Work task:
Begin at the line containing "dotprod14/1 -> Mux/14" and copy each line exactly through the end of the records, leaving out what comes before.

Provided data:
[Start of Attachment]
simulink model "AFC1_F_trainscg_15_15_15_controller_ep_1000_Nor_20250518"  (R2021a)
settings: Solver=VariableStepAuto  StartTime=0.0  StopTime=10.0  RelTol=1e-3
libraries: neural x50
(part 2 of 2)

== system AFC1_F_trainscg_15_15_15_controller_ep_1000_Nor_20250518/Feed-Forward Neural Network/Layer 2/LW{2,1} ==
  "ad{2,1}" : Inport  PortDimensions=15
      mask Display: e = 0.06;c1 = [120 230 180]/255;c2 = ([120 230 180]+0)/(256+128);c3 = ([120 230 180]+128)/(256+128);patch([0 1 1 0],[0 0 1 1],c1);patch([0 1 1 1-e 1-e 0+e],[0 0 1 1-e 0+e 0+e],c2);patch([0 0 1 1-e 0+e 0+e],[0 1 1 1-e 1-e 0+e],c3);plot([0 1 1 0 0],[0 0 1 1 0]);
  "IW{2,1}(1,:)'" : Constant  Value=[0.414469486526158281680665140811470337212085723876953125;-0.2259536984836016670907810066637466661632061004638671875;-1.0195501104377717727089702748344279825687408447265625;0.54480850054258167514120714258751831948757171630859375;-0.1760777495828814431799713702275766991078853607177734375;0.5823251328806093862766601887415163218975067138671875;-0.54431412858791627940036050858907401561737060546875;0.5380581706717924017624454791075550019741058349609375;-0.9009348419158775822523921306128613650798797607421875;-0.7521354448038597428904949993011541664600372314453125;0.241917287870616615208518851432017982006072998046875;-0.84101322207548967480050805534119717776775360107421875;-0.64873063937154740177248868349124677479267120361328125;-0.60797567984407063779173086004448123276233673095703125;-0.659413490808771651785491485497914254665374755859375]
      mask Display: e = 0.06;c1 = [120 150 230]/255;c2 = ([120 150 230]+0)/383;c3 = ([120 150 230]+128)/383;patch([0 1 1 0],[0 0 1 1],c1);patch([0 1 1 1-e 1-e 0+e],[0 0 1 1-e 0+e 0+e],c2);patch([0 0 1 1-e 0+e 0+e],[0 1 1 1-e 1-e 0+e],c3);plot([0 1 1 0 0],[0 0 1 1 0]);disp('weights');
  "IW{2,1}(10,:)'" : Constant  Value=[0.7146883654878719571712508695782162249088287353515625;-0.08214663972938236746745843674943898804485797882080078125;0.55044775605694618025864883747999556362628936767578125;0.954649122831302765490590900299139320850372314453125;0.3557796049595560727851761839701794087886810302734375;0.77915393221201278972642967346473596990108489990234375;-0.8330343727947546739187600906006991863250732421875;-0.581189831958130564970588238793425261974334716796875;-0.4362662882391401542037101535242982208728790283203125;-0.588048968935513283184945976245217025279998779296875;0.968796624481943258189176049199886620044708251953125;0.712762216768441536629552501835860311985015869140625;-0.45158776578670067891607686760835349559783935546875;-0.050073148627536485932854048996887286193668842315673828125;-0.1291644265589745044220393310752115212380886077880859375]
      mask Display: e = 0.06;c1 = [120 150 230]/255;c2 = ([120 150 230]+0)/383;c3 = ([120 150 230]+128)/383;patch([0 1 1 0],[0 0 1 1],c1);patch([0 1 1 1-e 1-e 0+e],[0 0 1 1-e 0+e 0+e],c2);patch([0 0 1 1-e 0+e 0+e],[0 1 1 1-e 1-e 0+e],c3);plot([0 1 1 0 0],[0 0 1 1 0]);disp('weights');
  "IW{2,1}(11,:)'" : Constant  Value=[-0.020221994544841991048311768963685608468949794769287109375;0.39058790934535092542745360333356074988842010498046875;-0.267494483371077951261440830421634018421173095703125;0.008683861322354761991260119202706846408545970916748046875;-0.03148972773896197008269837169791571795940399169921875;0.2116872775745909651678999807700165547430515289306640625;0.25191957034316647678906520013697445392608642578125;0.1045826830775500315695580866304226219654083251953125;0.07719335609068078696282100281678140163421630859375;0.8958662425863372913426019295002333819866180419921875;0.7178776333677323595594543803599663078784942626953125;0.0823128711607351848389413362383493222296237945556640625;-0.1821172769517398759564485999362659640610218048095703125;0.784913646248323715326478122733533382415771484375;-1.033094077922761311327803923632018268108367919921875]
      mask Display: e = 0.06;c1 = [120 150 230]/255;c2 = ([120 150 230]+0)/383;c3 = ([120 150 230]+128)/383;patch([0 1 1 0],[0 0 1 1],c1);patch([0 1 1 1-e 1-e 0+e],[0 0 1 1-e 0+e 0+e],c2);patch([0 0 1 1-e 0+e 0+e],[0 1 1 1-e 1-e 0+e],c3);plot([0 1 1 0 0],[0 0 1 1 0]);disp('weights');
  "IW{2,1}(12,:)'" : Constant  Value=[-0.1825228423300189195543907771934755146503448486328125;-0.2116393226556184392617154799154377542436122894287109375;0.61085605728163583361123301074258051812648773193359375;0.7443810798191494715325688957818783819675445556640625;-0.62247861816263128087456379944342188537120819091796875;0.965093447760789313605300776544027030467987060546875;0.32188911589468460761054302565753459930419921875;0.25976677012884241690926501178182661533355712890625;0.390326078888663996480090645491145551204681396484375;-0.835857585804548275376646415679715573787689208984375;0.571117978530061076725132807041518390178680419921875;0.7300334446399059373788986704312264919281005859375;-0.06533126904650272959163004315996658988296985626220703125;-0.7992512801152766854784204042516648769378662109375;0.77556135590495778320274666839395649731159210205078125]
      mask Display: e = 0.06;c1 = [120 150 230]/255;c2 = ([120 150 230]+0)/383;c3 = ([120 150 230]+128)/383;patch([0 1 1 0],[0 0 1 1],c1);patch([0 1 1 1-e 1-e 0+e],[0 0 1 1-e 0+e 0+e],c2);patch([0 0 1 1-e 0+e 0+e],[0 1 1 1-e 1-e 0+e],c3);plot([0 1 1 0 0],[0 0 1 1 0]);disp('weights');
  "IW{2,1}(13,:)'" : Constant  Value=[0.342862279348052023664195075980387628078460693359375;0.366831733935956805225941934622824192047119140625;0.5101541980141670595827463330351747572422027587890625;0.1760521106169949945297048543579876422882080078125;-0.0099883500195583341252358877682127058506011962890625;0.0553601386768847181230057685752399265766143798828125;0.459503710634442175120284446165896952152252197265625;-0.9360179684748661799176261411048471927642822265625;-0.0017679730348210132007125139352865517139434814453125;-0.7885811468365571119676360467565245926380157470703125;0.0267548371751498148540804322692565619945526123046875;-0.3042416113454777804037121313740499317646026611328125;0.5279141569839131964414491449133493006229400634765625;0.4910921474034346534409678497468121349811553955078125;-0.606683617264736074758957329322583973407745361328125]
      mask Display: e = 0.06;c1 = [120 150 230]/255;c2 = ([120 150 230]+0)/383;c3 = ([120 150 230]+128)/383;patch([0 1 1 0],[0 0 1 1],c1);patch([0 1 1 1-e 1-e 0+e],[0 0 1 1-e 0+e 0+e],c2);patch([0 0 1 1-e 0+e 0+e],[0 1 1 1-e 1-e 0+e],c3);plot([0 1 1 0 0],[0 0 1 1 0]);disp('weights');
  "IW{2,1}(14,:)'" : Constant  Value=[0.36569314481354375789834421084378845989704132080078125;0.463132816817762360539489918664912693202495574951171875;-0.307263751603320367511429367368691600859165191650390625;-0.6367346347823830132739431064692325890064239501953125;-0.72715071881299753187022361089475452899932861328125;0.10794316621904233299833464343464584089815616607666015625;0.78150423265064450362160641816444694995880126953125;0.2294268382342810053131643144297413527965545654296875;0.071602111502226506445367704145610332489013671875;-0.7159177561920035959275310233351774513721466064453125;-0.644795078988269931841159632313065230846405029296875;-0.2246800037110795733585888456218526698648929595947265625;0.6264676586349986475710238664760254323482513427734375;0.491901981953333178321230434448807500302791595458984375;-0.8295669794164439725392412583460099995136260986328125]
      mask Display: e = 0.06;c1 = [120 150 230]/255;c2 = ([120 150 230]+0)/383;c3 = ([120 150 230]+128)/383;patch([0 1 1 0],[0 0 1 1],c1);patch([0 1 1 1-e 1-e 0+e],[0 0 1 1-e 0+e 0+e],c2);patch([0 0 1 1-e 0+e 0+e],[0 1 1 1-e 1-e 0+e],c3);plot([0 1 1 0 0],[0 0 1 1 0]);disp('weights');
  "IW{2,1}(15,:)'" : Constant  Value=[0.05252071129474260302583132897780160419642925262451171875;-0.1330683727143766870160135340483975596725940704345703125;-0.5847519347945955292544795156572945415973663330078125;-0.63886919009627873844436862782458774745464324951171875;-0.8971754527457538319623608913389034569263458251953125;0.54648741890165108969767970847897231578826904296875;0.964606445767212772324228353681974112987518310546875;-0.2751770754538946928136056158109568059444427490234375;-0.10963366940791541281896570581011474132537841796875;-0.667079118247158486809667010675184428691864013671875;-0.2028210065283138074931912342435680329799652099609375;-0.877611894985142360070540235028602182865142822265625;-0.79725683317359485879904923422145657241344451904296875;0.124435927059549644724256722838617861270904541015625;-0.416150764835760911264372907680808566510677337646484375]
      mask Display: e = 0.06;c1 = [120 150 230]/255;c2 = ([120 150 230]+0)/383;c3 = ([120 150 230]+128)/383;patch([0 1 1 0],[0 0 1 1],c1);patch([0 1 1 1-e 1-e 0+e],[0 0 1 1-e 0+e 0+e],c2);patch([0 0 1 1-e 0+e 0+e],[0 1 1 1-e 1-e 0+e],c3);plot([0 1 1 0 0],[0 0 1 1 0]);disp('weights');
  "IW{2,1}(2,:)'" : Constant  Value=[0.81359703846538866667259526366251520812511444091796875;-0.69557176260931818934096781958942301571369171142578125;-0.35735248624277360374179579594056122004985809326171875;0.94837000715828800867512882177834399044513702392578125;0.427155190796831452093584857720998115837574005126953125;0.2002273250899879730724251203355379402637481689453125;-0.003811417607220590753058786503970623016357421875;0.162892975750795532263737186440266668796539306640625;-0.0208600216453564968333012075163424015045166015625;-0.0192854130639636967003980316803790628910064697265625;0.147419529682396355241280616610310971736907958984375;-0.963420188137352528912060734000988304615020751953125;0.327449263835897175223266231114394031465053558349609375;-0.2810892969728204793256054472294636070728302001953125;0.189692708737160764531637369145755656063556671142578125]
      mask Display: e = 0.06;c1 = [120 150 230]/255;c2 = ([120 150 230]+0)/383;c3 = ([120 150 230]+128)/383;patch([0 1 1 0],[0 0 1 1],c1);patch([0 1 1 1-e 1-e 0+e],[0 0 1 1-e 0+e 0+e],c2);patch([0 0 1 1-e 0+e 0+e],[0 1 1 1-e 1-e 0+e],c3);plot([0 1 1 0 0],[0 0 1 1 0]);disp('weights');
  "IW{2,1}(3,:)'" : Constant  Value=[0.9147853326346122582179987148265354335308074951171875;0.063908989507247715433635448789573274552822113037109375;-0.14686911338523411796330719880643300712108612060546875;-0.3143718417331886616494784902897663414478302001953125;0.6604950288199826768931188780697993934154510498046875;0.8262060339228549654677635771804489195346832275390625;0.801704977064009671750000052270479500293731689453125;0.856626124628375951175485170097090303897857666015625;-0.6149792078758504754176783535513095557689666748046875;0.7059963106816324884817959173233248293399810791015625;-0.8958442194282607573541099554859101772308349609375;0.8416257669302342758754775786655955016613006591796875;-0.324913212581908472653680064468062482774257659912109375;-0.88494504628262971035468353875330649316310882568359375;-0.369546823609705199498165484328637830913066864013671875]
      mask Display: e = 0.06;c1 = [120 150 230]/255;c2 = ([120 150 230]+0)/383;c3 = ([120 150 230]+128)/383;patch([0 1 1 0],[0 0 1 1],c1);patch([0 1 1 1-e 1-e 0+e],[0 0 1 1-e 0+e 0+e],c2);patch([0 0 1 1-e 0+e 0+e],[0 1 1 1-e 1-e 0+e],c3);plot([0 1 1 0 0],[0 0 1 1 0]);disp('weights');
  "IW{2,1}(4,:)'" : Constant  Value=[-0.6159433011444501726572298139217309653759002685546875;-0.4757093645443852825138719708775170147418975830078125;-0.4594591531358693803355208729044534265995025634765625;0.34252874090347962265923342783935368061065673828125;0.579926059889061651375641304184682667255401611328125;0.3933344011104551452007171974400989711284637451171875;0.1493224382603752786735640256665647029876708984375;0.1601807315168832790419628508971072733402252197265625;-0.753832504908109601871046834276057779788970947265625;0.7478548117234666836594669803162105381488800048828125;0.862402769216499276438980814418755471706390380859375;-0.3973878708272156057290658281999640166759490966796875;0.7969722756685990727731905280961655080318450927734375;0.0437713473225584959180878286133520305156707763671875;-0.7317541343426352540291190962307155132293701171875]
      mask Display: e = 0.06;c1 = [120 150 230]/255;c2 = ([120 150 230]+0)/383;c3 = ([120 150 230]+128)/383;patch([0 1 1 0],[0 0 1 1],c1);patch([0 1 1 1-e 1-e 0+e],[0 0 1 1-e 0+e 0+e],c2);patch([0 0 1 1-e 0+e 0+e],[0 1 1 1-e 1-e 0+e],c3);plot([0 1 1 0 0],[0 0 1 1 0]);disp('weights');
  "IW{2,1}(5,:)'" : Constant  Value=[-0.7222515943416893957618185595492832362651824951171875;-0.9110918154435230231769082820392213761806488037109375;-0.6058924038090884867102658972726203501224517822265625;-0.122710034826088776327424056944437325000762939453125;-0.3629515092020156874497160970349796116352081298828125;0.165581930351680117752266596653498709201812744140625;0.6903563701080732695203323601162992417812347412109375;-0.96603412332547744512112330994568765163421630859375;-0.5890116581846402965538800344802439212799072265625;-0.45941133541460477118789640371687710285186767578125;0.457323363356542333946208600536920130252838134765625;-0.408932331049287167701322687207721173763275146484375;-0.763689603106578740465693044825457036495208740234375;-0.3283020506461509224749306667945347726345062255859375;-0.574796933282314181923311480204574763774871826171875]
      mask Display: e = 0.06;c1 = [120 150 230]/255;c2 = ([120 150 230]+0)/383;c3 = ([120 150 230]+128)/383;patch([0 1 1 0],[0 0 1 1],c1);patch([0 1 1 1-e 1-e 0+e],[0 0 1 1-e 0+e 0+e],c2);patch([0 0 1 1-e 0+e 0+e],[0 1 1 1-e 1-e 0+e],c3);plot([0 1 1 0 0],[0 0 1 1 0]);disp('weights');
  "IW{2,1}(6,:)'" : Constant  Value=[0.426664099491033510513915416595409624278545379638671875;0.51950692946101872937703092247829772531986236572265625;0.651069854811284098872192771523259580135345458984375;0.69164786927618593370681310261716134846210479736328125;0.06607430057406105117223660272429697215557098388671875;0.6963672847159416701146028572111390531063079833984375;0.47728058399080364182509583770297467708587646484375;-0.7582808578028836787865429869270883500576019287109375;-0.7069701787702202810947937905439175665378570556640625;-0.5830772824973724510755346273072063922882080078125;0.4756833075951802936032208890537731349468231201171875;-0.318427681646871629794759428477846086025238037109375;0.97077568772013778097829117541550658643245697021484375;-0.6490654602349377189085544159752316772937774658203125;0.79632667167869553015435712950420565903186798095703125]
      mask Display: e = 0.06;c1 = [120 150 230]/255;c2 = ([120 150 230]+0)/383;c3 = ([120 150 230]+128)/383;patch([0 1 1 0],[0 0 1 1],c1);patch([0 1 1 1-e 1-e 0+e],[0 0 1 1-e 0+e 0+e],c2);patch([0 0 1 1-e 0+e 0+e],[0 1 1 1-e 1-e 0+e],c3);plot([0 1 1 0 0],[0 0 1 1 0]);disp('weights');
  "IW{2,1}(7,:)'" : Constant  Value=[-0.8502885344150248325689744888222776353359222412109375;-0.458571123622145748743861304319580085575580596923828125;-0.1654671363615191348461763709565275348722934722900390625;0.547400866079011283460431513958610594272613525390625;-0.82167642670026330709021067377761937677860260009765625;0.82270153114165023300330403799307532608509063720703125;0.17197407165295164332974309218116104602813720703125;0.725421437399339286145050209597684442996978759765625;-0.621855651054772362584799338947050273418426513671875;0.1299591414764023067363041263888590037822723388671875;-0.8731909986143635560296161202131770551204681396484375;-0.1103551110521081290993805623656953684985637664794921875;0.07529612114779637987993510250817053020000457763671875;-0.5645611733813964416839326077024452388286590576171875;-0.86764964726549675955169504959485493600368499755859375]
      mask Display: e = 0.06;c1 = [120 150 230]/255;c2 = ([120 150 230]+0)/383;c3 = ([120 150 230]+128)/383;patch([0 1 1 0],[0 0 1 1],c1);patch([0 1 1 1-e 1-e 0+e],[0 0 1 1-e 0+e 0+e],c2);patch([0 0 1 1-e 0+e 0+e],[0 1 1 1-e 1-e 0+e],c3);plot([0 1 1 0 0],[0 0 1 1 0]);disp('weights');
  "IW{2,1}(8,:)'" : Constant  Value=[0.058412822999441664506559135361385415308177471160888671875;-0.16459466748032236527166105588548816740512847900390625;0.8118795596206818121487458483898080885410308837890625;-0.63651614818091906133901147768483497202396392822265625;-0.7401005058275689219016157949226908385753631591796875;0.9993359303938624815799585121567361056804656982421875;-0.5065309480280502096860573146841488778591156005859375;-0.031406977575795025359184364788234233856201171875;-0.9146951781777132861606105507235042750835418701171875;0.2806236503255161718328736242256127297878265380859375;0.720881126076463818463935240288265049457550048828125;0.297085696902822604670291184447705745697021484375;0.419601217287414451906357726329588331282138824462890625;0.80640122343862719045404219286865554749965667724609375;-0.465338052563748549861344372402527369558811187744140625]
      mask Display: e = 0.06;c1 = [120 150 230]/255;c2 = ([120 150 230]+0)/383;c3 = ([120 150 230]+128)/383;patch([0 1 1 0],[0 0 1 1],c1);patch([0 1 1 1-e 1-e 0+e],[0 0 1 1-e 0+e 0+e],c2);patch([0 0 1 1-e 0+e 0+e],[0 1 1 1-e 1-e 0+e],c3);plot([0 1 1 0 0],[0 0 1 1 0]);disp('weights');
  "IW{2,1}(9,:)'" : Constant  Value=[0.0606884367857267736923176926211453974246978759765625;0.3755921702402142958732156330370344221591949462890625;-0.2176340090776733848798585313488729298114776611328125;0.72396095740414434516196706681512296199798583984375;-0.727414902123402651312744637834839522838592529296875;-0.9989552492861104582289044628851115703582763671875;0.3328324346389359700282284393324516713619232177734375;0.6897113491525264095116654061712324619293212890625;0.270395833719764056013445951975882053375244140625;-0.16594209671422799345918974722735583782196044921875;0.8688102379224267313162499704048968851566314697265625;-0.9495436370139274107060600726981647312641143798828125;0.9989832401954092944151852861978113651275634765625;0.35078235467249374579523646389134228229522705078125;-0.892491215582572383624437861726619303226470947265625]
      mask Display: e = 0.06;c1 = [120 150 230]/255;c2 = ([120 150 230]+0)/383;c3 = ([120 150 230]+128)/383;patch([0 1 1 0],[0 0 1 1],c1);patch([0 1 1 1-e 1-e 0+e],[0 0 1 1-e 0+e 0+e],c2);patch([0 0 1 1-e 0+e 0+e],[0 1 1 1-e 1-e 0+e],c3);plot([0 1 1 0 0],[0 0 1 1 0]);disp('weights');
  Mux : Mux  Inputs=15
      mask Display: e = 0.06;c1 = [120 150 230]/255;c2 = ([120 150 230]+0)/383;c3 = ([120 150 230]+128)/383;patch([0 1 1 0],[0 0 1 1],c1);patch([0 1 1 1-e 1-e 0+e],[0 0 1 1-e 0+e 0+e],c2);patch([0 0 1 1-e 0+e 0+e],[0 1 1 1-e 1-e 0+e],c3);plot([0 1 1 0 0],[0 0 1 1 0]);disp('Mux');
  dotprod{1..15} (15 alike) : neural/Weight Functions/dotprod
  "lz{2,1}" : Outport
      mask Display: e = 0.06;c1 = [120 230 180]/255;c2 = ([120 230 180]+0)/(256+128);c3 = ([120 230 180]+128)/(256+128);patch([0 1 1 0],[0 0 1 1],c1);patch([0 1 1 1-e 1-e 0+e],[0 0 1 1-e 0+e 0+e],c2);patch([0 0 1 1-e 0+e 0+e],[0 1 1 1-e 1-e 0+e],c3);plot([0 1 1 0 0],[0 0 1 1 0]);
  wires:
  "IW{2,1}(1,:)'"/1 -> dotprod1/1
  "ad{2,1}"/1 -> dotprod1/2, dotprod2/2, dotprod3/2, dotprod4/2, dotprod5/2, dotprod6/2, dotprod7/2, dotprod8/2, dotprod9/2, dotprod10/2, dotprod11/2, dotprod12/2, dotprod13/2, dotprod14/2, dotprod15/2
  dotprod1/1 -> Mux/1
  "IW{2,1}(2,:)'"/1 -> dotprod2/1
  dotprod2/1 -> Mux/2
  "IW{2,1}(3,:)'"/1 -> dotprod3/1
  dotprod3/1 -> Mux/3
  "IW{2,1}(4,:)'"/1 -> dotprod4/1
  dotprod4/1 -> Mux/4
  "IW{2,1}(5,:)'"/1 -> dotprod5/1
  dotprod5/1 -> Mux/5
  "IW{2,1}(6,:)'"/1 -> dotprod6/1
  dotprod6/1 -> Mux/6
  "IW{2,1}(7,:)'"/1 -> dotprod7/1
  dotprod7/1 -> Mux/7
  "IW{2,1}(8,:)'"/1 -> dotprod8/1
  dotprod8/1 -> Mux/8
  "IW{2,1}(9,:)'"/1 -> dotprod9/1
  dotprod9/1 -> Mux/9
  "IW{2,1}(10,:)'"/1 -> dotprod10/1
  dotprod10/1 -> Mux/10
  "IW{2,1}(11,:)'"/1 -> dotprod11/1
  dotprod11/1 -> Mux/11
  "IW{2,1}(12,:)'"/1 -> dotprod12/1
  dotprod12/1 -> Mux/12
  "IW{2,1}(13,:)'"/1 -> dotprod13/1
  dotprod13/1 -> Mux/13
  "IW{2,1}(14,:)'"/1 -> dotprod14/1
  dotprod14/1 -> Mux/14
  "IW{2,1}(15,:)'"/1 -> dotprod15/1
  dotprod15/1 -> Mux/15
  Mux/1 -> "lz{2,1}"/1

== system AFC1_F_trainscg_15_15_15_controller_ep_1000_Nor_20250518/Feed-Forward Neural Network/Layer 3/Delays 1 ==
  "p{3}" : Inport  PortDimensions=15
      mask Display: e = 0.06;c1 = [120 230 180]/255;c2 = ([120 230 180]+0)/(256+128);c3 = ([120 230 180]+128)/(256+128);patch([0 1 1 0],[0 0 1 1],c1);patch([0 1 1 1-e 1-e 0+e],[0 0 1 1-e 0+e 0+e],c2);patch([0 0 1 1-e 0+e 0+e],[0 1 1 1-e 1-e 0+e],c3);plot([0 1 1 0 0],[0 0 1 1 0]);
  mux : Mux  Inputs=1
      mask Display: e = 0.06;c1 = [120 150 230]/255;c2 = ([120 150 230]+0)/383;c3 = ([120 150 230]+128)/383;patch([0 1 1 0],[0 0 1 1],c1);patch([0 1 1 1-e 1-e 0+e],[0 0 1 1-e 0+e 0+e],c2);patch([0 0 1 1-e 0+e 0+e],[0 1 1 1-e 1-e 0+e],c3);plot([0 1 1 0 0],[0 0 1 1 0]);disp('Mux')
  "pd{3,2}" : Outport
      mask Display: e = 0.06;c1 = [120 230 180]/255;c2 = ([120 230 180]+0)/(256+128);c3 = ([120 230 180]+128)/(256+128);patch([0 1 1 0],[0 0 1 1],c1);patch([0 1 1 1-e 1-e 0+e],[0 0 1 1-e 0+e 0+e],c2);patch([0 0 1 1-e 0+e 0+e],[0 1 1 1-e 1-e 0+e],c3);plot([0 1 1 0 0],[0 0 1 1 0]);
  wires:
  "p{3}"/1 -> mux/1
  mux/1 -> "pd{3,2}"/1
[End of Attachment]
Solution to this exercise:
  dotprod14/1 -> Mux/14
  "IW{2,1}(15,:)'"/1 -> dotprod15/1
  dotprod15/1 -> Mux/15
  Mux/1 -> "lz{2,1}"/1

== system AFC1_F_trainscg_15_15_15_controller_ep_1000_Nor_20250518/Feed-Forward Neural Network/Layer 3/Delays 1 ==
  "p{3}" : Inport  PortDimensions=15
      mask Display: e = 0.06;c1 = [120 230 180]/255;c2 = ([120 230 180]+0)/(256+128);c3 = ([120 230 180]+128)/(256+128);patch([0 1 1 0],[0 0 1 1],c1);patch([0 1 1 1-e 1-e 0+e],[0 0 1 1-e 0+e 0+e],c2);patch([0 0 1 1-e 0+e 0+e],[0 1 1 1-e 1-e 0+e],c3);plot([0 1 1 0 0],[0 0 1 1 0]);
  mux : Mux  Inputs=1
      mask Display: e = 0.06;c1 = [120 150 230]/255;c2 = ([120 150 230]+0)/383;c3 = ([120 150 230]+128)/383;patch([0 1 1 0],[0 0 1 1],c1);patch([0 1 1 1-e 1-e 0+e],[0 0 1 1-e 0+e 0+e],c2);patch([0 0 1 1-e 0+e 0+e],[0 1 1 1-e 1-e 0+e],c3);plot([0 1 1 0 0],[0 0 1 1 0]);disp('Mux')
  "pd{3,2}" : Outport
      mask Display: e = 0.06;c1 = [120 230 180]/255;c2 = ([120 230 180]+0)/(256+128);c3 = ([120 230 180]+128)/(256+128);patch([0 1 1 0],[0 0 1 1],c1);patch([0 1 1 1-e 1-e 0+e],[0 0 1 1-e 0+e 0+e],c2);patch([0 0 1 1-e 0+e 0+e],[0 1 1 1-e 1-e 0+e],c3);plot([0 1 1 0 0],[0 0 1 1 0]);
  wires:
  "p{3}"/1 -> mux/1
  mux/1 -> "pd{3,2}"/1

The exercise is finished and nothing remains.